- _Instructions to follow_: Drop every image, then reproduce the data exactly as given.

- _Entries shown_:
▼▼▼

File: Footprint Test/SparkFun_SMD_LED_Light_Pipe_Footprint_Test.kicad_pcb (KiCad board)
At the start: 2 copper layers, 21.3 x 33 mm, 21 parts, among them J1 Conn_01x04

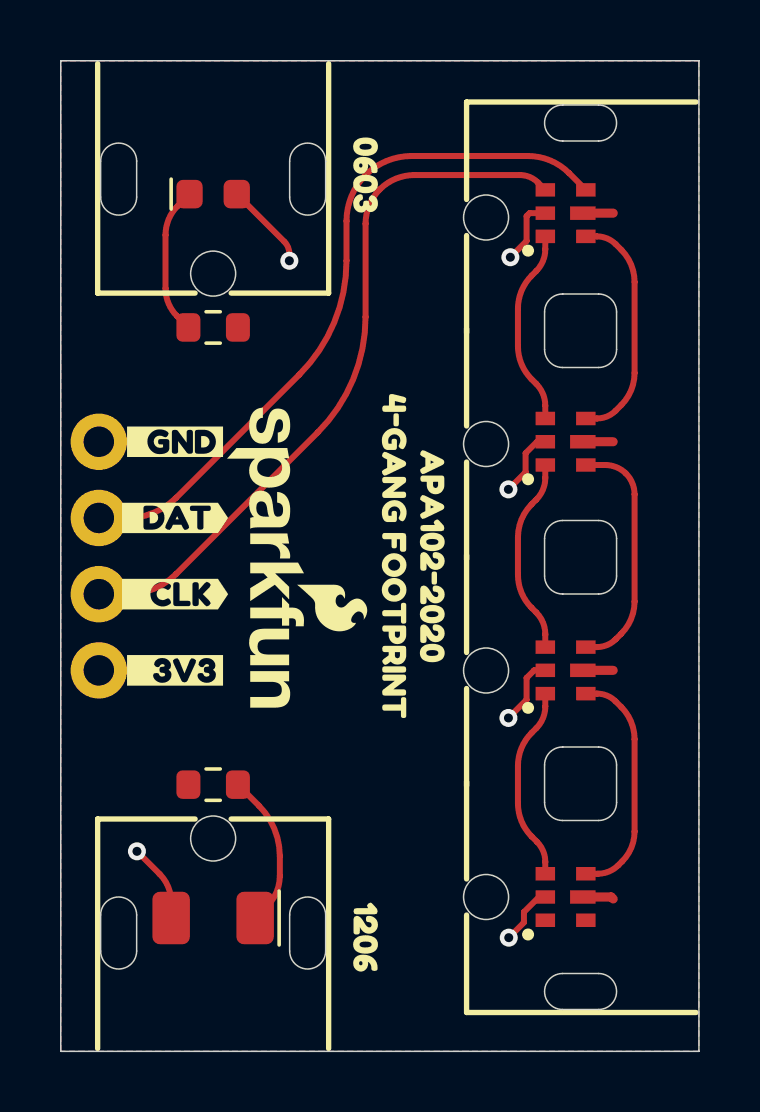
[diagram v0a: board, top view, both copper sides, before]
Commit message: Update layout with 3D model
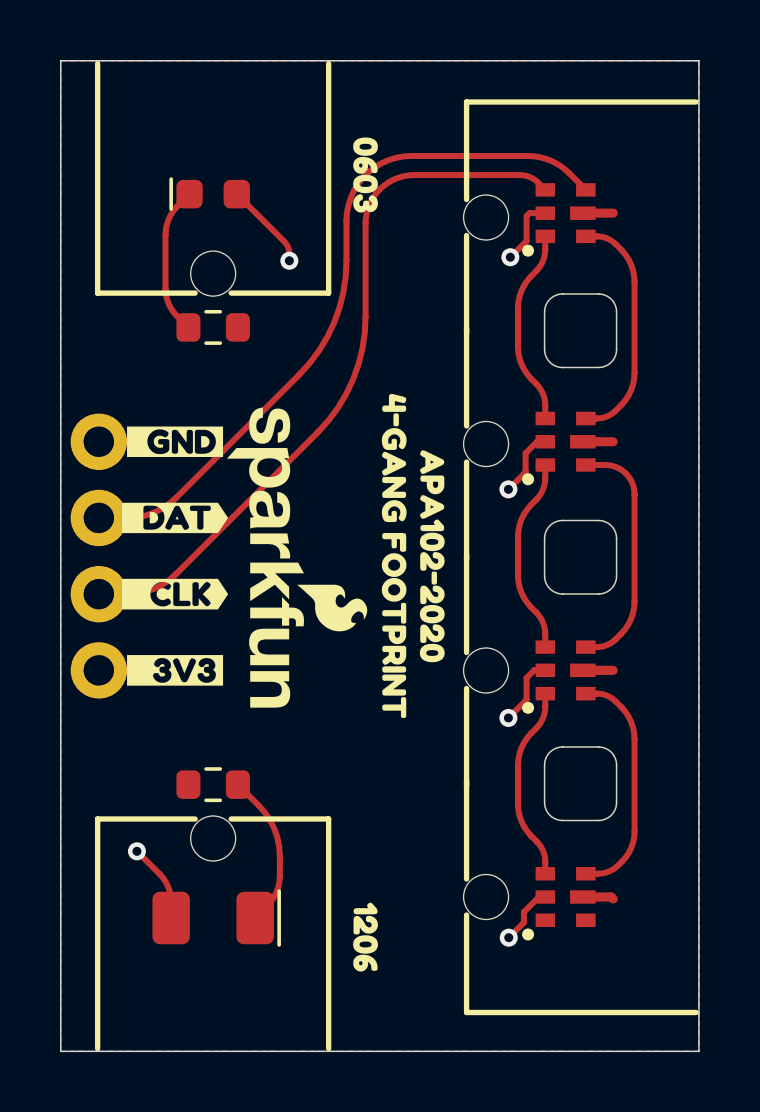
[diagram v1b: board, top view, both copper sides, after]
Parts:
- D2: footprint SparkFun SMD LED Light Pipe:LED_0603_1608Metric -> SparkFun-LED:LED_0603_1608Metric_Blue
- D4: footprint SparkFun SMD LED Light Pipe:LED_1206_3216Metric -> SparkFun-LED:LED_1206_3216Metric
- J1: footprint SparkFun SMD LED Light Pipe:1x04 -> SparkFun-Connector:1x04
- R1, R2: footprint SparkFun SMD LED Light Pipe:R_0603_1608Metric -> SparkFun-Resistor:R_0603_1608Metric

▲▲▲

- _Exercise response_:
File: Footprint Test/SparkFun_SMD_LED_Light_Pipe_Footprint_Test.kicad_pcb (KiCad board)
At the start: 2 copper layers, 21.3 x 33 mm, 21 parts, among them J1 Conn_01x04

[diagram v0a: board, top view, both copper sides, before]
Commit message: Update layout with 3D model
[diagram v1b: board, top view, both copper sides, after]
Parts:
- D2: footprint SparkFun SMD LED Light Pipe:LED_0603_1608Metric -> SparkFun-LED:LED_0603_1608Metric_Blue
- D4: footprint SparkFun SMD LED Light Pipe:LED_1206_3216Metric -> SparkFun-LED:LED_1206_3216Metric
- J1: footprint SparkFun SMD LED Light Pipe:1x04 -> SparkFun-Connector:1x04
- R1, R2: footprint SparkFun SMD LED Light Pipe:R_0603_1608Metric -> SparkFun-Resistor:R_0603_1608Metric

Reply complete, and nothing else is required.